# Problem description:
In the material below, find each line that contains the word "offset" and copy it.
BEGIN
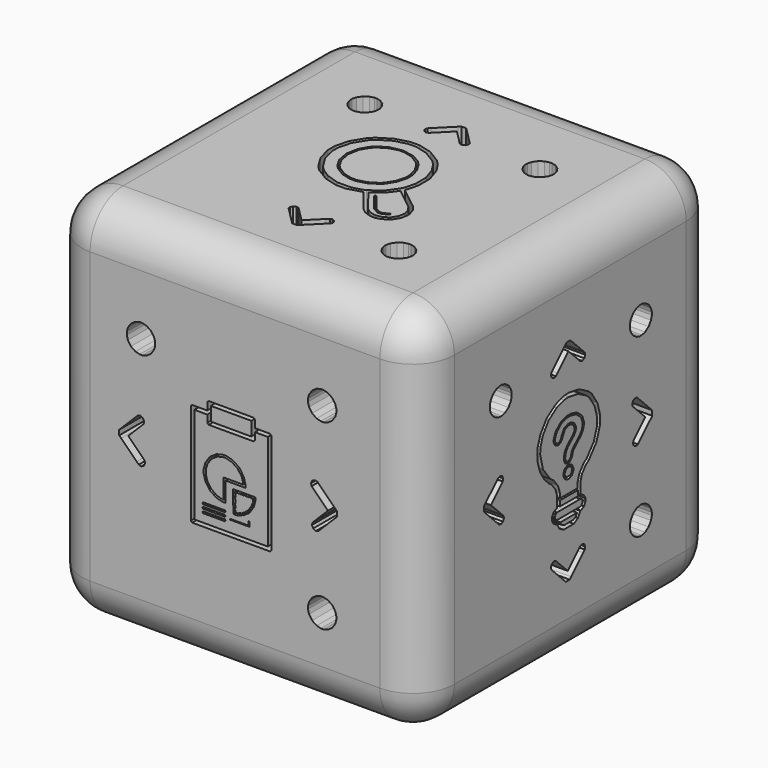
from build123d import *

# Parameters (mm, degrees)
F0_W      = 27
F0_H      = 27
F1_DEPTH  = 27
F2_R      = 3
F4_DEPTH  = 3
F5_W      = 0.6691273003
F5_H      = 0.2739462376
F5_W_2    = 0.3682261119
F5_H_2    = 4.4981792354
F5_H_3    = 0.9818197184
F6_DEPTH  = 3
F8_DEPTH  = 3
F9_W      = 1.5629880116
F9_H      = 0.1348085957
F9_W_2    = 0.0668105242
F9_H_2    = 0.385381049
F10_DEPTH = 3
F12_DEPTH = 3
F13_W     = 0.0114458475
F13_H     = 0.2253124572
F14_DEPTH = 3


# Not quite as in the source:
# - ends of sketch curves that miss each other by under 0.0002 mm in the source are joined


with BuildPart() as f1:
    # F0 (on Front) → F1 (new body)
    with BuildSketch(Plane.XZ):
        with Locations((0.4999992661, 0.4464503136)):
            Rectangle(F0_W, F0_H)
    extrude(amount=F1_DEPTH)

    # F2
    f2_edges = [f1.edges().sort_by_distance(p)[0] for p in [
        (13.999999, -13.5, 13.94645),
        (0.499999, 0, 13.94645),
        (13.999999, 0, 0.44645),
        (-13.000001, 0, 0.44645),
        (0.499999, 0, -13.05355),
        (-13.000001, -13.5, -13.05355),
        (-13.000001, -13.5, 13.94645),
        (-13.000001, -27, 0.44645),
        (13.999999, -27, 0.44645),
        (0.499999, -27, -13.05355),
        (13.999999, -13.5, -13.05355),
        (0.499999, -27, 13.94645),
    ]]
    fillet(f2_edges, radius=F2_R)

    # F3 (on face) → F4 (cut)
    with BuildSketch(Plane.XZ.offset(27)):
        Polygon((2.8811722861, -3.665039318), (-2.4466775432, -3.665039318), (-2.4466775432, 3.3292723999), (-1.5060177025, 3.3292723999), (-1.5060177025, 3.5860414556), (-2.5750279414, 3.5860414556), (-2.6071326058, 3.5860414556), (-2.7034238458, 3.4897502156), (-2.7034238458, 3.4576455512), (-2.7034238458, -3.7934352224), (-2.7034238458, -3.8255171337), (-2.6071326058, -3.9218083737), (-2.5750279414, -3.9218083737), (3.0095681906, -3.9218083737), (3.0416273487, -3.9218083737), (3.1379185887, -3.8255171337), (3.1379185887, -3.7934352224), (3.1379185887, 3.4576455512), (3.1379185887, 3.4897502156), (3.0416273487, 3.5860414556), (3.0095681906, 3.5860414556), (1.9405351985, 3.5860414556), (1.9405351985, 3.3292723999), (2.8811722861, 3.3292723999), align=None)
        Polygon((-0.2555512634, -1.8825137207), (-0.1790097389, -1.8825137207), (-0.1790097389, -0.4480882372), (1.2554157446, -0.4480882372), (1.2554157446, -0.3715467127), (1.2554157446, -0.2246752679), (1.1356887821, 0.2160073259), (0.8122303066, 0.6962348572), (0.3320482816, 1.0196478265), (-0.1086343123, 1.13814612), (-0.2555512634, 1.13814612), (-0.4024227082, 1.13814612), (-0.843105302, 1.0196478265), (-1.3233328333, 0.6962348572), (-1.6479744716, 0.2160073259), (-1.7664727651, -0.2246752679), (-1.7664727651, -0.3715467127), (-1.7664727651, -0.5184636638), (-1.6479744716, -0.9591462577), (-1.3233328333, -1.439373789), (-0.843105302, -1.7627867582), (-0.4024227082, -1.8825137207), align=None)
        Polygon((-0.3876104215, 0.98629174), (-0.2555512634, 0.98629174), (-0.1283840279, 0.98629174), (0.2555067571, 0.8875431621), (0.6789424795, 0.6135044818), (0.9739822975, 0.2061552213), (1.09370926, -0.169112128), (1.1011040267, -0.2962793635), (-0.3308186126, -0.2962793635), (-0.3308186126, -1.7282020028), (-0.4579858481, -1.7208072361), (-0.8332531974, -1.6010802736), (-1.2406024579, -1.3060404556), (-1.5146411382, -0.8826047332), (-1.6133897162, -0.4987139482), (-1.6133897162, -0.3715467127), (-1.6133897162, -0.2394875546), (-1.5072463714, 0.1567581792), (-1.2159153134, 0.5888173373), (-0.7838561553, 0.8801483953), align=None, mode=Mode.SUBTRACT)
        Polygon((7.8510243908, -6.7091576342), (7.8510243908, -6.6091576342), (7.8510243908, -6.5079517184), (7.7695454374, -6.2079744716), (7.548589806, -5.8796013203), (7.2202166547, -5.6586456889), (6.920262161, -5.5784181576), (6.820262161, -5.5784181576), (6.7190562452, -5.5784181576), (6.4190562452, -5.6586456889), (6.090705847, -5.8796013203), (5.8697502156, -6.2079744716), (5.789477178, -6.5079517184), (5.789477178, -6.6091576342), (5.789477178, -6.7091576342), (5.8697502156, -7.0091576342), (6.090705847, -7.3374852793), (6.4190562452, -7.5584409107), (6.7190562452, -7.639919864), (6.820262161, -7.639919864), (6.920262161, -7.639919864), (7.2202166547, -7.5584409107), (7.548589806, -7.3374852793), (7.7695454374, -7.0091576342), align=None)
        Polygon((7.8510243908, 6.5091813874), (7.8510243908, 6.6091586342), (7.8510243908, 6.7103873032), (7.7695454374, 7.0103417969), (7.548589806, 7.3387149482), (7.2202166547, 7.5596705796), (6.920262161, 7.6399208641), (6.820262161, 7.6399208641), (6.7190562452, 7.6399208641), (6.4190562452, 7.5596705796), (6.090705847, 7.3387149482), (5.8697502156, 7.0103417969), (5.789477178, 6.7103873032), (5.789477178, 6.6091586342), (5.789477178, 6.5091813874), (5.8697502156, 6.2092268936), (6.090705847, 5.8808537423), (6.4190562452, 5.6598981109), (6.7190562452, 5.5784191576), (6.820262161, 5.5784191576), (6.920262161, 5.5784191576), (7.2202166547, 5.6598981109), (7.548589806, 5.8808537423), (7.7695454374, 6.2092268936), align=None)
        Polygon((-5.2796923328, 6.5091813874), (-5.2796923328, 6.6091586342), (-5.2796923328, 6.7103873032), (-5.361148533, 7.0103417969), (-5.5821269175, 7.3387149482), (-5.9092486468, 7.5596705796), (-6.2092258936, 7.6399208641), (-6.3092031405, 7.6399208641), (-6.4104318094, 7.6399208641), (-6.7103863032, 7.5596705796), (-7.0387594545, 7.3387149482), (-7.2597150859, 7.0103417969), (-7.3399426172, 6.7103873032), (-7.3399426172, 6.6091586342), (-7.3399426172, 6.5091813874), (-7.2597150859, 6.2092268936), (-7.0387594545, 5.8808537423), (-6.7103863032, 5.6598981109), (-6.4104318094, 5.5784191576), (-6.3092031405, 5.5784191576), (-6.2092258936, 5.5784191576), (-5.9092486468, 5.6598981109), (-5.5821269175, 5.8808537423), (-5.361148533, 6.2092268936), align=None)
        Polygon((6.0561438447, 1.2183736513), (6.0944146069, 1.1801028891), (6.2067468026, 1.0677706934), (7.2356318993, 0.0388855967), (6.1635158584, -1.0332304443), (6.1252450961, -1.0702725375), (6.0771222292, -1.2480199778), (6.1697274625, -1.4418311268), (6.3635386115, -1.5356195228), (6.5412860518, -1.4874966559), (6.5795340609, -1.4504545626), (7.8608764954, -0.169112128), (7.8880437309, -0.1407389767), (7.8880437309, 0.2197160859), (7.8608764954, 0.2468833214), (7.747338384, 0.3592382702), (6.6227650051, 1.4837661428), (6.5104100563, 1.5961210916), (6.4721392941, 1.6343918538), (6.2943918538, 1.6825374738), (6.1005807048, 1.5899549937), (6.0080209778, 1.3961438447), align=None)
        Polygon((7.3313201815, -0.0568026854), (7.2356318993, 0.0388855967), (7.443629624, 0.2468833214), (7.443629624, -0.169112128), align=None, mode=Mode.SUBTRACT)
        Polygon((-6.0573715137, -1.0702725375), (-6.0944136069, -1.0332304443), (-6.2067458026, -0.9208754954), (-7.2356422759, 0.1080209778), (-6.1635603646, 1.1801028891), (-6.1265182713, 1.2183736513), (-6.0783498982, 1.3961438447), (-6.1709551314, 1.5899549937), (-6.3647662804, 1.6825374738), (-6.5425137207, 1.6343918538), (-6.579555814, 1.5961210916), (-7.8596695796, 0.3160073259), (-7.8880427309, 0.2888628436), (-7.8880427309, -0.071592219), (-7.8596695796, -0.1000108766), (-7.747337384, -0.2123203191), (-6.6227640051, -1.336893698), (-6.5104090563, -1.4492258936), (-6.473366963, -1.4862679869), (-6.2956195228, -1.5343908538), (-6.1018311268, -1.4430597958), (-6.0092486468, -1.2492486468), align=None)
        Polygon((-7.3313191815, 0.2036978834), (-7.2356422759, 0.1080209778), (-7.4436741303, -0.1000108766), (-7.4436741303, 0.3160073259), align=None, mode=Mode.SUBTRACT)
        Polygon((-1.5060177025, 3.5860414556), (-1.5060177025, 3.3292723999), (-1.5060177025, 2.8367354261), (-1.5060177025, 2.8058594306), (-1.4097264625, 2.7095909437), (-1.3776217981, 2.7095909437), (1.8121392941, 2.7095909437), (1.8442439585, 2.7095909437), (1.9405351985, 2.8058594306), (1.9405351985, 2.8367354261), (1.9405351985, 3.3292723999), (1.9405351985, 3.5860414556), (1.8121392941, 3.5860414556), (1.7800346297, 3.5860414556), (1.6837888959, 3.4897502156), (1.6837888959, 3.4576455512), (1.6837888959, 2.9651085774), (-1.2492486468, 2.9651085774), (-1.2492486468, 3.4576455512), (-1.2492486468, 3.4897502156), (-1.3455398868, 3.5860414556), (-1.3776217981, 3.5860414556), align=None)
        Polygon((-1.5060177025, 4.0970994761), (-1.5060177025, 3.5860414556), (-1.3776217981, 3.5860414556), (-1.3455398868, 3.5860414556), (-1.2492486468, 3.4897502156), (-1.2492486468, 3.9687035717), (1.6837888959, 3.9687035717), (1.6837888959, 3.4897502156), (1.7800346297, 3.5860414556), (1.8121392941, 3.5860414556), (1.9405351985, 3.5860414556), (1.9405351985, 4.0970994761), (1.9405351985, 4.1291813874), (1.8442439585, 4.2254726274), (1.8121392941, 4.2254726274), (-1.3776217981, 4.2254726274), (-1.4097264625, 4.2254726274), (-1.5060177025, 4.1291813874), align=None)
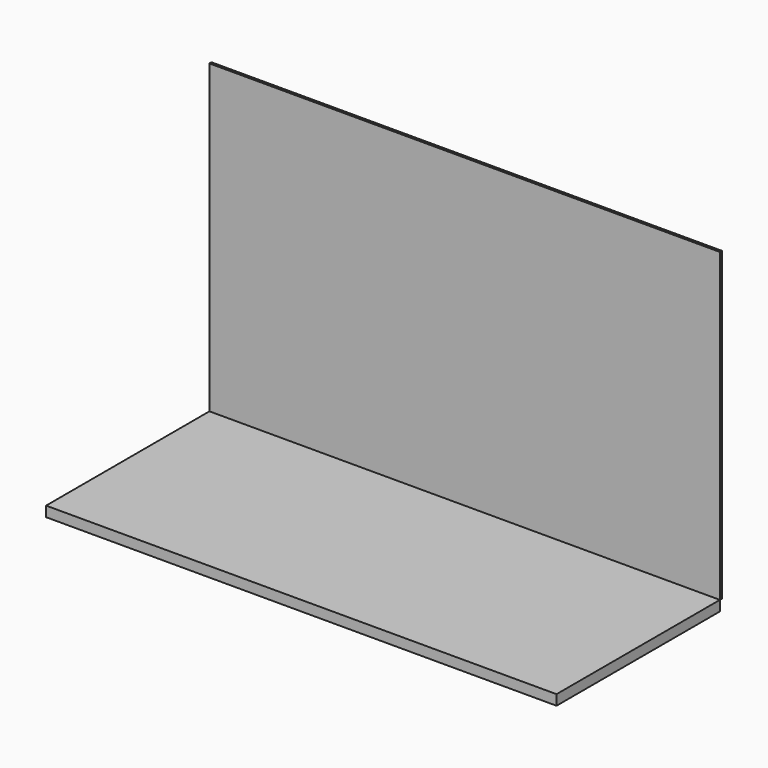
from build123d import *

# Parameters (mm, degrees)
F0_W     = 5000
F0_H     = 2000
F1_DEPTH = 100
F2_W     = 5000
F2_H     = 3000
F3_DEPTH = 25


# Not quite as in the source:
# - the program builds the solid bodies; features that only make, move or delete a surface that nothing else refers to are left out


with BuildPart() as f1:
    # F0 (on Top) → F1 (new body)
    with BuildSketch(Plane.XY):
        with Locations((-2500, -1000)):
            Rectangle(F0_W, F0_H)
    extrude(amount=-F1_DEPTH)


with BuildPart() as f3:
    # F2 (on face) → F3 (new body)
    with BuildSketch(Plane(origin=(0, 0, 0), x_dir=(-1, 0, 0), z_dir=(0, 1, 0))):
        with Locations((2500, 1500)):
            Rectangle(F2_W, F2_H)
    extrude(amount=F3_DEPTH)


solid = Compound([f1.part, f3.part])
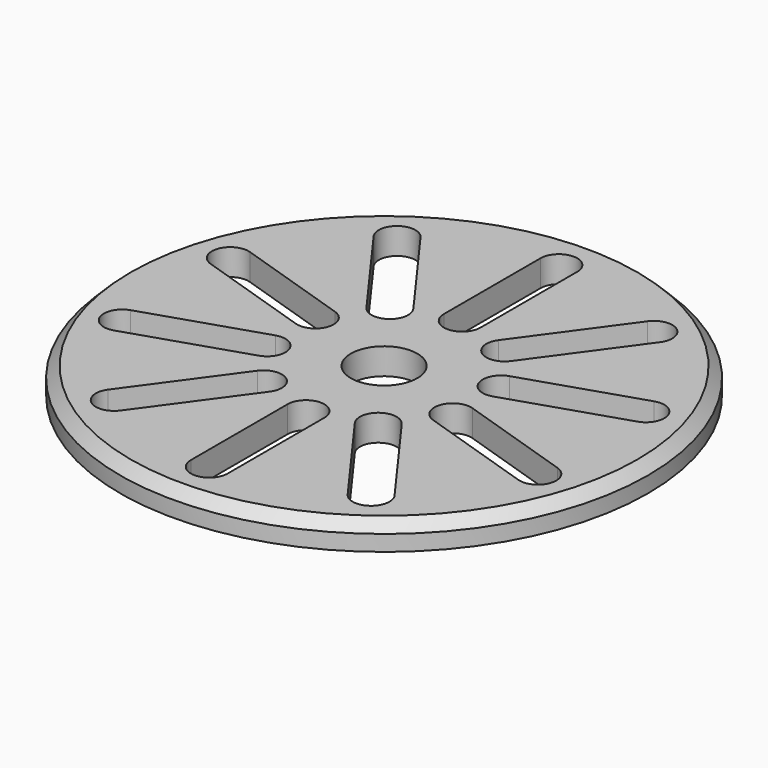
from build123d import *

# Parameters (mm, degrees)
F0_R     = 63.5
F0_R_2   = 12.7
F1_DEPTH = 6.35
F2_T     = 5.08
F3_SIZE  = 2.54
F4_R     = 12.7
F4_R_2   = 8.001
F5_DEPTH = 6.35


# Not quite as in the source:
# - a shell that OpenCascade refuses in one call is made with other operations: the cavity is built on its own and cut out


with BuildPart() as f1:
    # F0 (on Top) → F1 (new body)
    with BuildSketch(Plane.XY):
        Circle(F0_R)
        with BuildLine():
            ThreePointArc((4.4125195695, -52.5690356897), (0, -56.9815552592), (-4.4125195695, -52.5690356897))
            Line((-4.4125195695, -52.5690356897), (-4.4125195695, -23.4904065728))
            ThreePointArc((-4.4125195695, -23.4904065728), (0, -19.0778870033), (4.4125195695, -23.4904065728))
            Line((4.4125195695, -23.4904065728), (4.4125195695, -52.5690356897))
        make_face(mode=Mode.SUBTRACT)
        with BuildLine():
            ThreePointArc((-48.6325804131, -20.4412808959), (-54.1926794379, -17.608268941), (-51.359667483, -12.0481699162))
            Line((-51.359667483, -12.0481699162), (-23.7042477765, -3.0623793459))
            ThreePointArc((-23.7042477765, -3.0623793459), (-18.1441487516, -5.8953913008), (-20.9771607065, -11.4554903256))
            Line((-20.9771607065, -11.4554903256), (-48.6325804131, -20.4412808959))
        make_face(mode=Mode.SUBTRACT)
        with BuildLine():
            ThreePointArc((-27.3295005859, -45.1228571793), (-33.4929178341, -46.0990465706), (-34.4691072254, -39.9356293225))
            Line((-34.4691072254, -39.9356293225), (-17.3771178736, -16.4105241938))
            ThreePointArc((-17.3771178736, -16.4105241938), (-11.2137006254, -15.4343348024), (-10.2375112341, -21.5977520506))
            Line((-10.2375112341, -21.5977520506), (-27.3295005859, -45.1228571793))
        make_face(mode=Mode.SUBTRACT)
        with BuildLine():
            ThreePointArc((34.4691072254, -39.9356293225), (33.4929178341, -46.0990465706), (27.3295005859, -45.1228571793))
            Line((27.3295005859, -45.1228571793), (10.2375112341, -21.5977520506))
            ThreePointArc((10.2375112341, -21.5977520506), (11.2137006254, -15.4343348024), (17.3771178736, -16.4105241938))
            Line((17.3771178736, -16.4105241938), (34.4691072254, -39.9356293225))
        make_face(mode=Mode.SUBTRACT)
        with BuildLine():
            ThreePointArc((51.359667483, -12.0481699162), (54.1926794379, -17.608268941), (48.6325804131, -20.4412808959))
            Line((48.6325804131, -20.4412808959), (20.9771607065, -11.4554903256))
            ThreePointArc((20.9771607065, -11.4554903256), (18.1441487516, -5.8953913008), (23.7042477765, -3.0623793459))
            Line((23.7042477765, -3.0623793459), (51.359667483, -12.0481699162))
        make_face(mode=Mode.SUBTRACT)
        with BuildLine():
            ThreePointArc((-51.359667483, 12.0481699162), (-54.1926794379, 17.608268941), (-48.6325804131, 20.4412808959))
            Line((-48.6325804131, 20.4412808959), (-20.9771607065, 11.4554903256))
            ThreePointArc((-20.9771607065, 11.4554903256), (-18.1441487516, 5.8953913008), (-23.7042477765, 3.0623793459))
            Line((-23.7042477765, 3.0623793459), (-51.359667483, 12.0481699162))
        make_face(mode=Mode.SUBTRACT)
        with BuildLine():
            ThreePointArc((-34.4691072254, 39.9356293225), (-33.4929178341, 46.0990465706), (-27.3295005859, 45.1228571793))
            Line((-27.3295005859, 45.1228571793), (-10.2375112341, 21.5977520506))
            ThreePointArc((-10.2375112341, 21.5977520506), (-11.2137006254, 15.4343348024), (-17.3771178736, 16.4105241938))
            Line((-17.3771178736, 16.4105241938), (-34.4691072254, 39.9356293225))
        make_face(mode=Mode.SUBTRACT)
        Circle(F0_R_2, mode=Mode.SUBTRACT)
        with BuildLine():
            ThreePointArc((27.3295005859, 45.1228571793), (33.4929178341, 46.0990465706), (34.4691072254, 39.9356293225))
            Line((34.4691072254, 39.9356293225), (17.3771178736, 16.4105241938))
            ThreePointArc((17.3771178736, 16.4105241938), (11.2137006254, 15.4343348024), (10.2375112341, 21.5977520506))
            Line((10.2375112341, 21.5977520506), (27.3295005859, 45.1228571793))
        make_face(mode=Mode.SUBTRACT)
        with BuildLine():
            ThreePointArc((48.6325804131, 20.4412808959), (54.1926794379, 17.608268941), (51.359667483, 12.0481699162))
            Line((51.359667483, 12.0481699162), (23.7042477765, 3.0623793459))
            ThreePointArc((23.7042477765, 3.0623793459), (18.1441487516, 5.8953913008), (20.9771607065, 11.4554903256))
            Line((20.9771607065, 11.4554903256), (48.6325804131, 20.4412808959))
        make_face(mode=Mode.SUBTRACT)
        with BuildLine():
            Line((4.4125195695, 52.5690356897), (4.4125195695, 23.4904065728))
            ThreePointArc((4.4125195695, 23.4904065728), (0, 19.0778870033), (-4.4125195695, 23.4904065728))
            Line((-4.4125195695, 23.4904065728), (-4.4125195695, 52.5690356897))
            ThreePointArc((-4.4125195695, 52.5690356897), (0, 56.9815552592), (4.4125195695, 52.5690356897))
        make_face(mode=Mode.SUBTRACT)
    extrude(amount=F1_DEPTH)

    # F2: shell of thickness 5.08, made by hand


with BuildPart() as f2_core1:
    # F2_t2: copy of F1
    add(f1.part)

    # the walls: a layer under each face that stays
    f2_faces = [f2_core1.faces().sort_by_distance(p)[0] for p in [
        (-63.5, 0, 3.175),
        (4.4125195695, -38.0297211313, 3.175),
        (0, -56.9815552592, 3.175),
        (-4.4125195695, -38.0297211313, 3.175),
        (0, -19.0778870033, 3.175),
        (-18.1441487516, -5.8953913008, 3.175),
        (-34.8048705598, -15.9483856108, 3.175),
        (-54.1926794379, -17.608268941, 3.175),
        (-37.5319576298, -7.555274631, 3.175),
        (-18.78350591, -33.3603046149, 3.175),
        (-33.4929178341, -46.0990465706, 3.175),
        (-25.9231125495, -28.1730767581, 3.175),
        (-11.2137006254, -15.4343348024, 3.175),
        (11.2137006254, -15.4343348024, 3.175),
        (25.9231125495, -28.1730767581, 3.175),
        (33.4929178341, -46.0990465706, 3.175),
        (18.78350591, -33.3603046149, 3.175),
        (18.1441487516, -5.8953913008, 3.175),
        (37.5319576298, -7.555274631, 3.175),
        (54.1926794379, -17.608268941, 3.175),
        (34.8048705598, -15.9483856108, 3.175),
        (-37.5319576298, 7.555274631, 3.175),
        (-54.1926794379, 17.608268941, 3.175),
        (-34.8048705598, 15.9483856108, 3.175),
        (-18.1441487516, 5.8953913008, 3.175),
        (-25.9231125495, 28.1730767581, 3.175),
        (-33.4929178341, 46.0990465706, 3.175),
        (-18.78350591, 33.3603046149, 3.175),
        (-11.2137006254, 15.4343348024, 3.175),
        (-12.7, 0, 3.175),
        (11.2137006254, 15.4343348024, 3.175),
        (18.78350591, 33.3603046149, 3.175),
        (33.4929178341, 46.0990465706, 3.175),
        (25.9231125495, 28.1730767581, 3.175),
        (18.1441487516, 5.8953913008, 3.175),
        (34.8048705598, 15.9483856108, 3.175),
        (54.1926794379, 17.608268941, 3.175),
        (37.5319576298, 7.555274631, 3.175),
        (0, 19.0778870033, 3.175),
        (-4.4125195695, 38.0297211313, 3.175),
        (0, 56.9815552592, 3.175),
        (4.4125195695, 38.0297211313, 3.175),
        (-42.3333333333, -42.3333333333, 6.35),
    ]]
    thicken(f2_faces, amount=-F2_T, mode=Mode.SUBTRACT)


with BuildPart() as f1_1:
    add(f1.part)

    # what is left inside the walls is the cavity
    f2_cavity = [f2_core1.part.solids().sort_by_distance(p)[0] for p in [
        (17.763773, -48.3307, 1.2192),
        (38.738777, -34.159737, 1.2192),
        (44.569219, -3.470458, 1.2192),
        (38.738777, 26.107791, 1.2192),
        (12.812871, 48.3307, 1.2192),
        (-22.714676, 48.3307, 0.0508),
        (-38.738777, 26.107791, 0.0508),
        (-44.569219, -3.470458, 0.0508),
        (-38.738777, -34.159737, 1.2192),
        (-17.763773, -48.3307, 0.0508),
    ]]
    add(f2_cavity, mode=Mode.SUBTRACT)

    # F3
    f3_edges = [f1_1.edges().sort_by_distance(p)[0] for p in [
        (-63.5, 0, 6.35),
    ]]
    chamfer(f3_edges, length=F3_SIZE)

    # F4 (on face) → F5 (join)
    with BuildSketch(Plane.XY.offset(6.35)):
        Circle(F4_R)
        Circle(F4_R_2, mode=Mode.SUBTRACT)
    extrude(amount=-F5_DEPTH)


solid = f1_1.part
END
# Solved exercise:
    with BuildSketch(Plane.XZ.offset(27)):
    with BuildSketch(Plane.XY.offset(6.35)):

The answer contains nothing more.